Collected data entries
:::

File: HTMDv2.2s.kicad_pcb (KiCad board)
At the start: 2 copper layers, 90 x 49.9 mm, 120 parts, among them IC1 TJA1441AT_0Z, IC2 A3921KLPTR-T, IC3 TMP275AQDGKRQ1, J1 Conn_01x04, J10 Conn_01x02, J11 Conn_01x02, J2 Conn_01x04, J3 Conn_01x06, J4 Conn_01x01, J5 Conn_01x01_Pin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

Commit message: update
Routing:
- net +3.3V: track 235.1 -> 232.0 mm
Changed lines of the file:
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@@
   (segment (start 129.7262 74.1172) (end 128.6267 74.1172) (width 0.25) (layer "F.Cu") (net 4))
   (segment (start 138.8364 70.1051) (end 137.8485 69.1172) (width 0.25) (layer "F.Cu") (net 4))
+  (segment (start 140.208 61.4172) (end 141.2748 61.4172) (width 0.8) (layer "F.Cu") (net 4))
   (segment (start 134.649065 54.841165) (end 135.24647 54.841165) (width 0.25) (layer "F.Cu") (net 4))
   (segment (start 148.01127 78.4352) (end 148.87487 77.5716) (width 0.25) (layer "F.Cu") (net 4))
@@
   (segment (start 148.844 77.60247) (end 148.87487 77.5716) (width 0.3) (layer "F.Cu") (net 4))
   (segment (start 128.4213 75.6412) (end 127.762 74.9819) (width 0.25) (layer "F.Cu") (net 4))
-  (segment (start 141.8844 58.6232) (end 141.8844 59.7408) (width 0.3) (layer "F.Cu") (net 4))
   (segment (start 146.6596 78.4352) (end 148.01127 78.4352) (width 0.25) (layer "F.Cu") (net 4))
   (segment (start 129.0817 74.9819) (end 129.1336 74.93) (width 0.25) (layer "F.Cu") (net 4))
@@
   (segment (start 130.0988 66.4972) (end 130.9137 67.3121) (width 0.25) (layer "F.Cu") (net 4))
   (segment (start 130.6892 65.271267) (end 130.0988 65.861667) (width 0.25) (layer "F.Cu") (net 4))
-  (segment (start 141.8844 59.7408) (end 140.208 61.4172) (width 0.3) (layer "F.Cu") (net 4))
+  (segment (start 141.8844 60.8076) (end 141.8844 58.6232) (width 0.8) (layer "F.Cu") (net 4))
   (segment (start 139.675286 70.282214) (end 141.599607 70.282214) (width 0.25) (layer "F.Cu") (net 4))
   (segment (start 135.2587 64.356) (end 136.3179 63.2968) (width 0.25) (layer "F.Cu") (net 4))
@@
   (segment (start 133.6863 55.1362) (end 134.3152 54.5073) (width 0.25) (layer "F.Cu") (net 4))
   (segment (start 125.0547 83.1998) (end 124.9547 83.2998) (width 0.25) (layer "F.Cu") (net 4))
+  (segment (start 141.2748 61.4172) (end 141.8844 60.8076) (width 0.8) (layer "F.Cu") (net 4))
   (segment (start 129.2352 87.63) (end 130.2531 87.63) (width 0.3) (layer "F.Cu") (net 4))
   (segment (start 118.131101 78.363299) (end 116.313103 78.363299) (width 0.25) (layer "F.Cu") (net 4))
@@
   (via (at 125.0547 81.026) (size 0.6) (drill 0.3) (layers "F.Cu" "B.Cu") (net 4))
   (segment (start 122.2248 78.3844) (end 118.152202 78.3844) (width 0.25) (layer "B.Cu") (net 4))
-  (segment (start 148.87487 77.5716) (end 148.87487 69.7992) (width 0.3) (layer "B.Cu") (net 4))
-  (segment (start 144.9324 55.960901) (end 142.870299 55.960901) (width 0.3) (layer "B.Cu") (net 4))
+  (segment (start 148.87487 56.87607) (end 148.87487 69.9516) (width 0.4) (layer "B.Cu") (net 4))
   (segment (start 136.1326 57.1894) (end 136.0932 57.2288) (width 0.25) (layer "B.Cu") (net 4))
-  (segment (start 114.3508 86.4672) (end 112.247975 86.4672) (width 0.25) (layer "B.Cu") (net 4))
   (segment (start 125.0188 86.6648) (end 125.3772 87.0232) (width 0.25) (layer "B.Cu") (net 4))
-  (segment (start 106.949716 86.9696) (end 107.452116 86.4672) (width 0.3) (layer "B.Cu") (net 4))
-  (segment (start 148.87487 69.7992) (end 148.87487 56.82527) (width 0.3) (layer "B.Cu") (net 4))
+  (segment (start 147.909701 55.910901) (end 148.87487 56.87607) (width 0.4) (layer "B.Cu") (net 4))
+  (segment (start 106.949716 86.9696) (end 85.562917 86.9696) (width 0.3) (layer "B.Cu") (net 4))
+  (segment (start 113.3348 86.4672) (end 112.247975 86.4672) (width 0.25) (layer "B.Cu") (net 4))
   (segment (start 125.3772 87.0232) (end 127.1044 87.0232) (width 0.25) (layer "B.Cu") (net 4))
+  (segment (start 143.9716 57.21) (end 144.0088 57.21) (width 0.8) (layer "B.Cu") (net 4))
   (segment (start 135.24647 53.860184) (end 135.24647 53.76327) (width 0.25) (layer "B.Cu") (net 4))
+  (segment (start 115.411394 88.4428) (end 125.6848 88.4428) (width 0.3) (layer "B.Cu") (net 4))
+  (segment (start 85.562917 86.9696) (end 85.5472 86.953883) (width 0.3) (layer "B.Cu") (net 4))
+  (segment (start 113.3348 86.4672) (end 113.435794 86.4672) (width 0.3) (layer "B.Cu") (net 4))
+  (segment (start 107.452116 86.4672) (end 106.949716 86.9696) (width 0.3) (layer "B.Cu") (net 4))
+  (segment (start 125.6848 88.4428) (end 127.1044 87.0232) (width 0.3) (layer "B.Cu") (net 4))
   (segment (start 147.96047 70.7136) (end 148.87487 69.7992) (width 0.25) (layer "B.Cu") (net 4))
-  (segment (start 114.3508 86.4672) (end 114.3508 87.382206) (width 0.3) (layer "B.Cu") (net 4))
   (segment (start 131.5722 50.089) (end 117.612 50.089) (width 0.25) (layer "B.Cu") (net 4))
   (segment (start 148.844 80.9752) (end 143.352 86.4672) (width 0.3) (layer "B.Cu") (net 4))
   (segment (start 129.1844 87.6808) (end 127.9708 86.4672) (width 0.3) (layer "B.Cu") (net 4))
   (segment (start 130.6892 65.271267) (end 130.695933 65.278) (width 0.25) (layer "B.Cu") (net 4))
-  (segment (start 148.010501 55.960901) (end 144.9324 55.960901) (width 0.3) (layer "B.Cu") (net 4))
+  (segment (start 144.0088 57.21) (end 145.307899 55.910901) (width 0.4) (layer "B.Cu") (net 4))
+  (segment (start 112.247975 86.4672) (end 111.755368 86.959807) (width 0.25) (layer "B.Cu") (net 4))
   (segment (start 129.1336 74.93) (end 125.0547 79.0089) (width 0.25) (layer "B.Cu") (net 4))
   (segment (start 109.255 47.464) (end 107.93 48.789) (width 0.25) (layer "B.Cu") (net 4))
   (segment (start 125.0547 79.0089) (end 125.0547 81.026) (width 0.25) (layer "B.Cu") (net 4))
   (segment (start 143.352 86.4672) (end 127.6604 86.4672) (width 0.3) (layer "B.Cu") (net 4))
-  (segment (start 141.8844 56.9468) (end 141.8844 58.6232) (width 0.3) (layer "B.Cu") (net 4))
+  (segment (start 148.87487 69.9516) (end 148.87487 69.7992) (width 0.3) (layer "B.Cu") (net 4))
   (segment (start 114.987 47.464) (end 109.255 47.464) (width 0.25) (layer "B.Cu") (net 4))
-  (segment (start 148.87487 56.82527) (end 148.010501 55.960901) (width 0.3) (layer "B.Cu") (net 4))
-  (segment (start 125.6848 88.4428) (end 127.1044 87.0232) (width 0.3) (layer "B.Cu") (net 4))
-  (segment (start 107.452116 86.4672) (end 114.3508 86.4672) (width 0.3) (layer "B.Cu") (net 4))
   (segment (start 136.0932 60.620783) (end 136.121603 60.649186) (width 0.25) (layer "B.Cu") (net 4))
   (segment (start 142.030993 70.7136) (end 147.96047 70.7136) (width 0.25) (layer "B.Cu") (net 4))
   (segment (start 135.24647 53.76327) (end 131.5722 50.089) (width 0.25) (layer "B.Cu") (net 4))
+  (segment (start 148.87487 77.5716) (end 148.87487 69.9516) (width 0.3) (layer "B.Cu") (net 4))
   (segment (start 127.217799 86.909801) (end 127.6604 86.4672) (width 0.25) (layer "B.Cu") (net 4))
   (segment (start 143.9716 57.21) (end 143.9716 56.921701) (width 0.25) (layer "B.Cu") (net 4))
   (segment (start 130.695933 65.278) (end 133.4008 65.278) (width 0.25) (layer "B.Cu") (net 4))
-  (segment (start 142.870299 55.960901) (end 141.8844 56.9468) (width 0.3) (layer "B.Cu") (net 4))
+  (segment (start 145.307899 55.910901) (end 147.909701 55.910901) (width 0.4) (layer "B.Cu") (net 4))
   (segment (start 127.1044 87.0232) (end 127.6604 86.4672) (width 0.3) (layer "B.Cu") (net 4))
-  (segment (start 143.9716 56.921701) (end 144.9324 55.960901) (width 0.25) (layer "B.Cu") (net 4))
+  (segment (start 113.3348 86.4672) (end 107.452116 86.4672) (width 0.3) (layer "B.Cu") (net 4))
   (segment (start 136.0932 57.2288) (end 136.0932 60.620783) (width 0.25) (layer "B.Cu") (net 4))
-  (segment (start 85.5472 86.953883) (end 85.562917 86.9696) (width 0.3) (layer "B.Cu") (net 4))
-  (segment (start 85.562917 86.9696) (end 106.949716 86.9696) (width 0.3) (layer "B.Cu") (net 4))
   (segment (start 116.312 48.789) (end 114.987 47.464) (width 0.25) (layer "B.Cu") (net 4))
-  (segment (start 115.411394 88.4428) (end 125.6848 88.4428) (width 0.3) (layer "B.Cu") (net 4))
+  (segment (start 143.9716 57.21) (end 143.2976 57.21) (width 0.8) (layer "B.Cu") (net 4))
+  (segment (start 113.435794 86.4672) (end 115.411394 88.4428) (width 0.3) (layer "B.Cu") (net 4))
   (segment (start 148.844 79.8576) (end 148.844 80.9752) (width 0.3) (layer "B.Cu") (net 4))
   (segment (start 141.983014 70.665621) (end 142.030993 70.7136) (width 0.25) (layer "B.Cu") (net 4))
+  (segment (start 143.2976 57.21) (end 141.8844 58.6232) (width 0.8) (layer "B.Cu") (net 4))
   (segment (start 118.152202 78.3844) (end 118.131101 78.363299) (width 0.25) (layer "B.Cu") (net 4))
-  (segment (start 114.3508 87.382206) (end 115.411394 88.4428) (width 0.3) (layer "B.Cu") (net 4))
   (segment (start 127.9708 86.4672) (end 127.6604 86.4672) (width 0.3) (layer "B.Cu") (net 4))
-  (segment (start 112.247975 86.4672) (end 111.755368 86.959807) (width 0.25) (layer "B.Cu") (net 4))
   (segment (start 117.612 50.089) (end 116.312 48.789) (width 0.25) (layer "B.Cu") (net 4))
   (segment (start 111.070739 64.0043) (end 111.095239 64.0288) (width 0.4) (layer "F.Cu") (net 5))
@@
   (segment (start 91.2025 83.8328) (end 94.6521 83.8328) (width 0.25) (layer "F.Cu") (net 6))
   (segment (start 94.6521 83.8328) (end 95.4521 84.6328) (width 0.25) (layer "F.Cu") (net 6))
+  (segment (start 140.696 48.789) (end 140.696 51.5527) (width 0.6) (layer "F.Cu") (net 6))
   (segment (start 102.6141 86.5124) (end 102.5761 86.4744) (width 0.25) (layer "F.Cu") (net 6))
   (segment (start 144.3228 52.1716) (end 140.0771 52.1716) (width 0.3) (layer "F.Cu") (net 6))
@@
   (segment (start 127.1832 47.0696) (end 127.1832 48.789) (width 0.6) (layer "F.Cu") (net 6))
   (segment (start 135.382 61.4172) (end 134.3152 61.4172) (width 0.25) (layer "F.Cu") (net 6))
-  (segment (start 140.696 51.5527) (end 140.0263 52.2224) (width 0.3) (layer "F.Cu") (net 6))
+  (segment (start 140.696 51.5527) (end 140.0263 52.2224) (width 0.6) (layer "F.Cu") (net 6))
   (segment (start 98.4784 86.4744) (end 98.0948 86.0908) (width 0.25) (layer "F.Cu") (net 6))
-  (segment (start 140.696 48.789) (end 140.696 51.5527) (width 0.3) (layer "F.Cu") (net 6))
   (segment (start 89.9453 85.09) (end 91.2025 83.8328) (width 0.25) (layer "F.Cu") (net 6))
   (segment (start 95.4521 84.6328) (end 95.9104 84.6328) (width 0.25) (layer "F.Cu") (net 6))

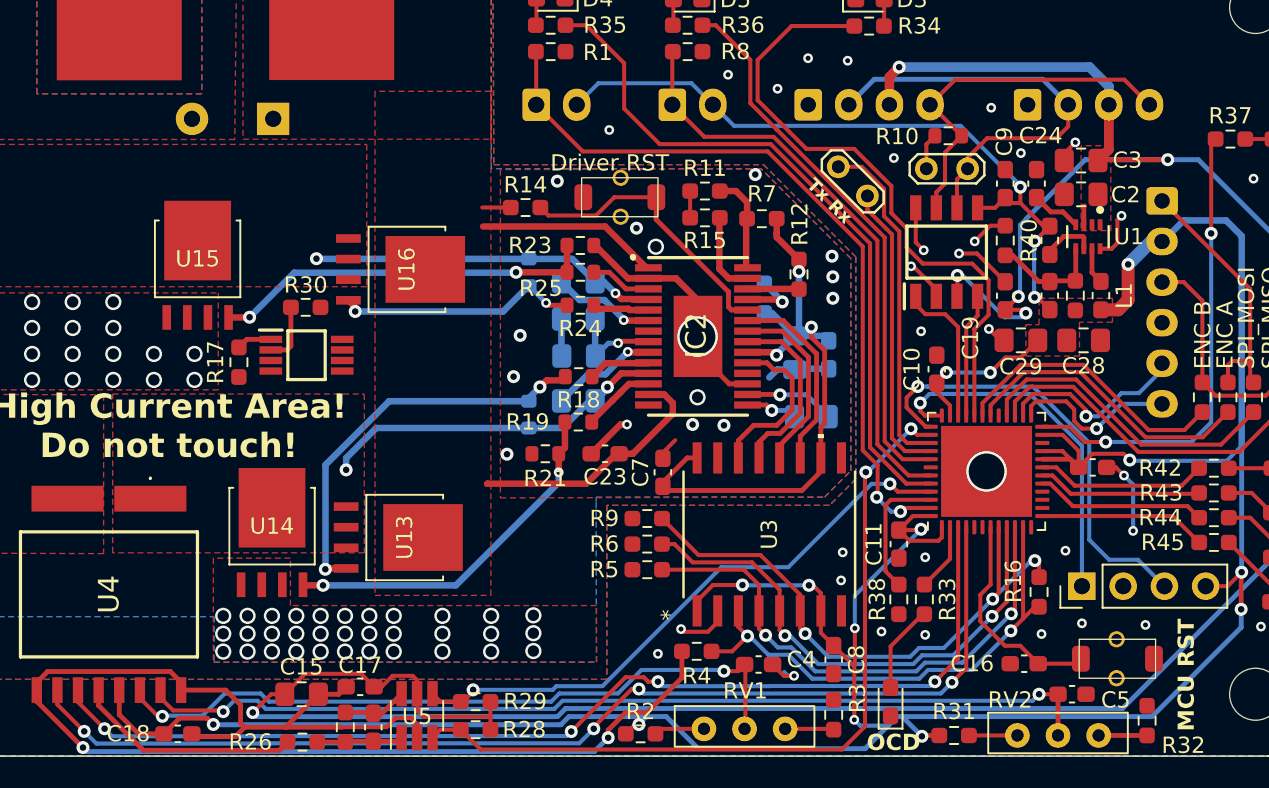
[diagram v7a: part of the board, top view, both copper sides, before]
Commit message: update
change 3D models
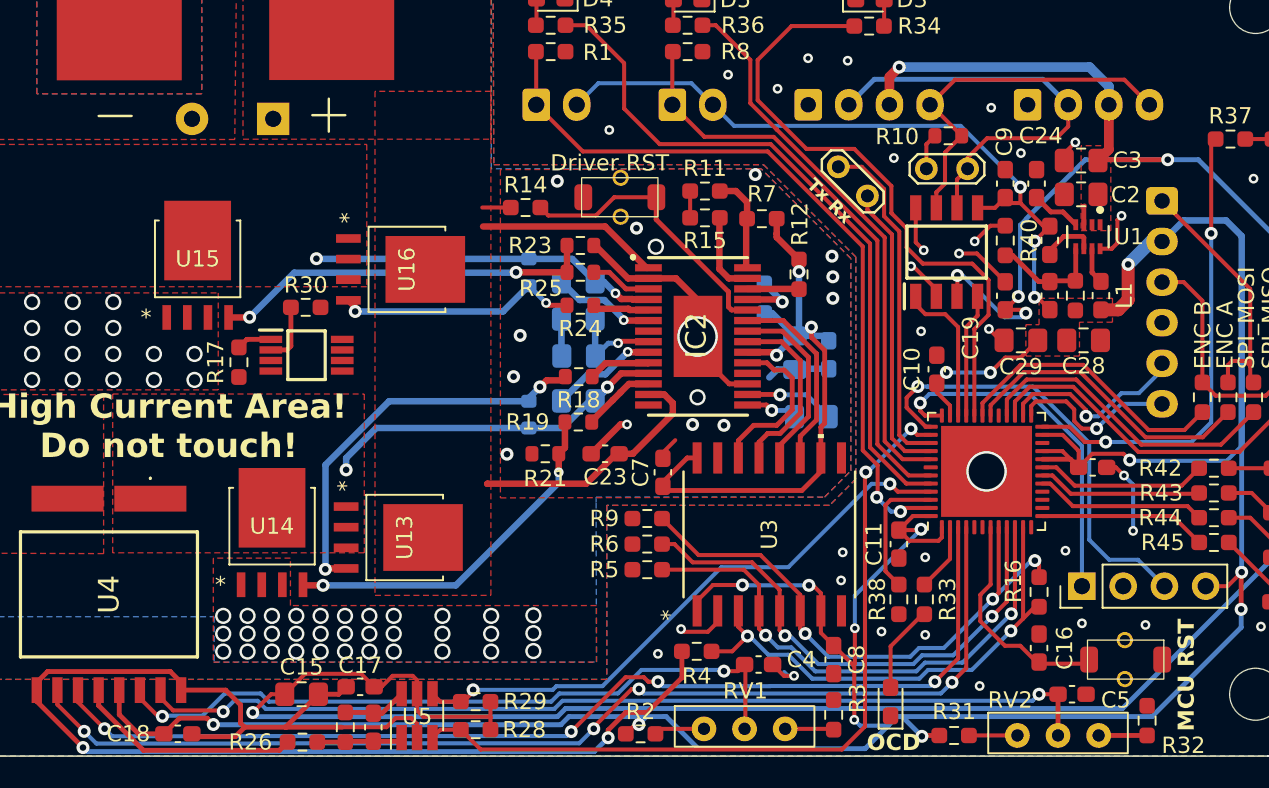
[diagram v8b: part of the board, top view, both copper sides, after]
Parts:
- U13, U14, U15: value SQJ180EP-T1_GE3 -> PowerPAK_SO-8L_3_VIS
- moved C16 1.33 mm to (136.4, 82.2), turned to 90 degrees
- moved SW2 0.51 mm to (141.7, 83.0)

:::

## Exercise instructions
Return word for word the lines above from the line with "86.9696) (end 85.562917" to the line with "86.4672) (end 113.435794", including both and leaving out all others.

## Written response
+  (segment (start 106.949716 86.9696) (end 85.562917 86.9696) (width 0.3) (layer "B.Cu") (net 4))
+  (segment (start 113.3348 86.4672) (end 112.247975 86.4672) (width 0.25) (layer "B.Cu") (net 4))
   (segment (start 125.3772 87.0232) (end 127.1044 87.0232) (width 0.25) (layer "B.Cu") (net 4))
+  (segment (start 143.9716 57.21) (end 144.0088 57.21) (width 0.8) (layer "B.Cu") (net 4))
   (segment (start 135.24647 53.860184) (end 135.24647 53.76327) (width 0.25) (layer "B.Cu") (net 4))
+  (segment (start 115.411394 88.4428) (end 125.6848 88.4428) (width 0.3) (layer "B.Cu") (net 4))
+  (segment (start 85.562917 86.9696) (end 85.5472 86.953883) (width 0.3) (layer "B.Cu") (net 4))
+  (segment (start 113.3348 86.4672) (end 113.435794 86.4672) (width 0.3) (layer "B.Cu") (net 4))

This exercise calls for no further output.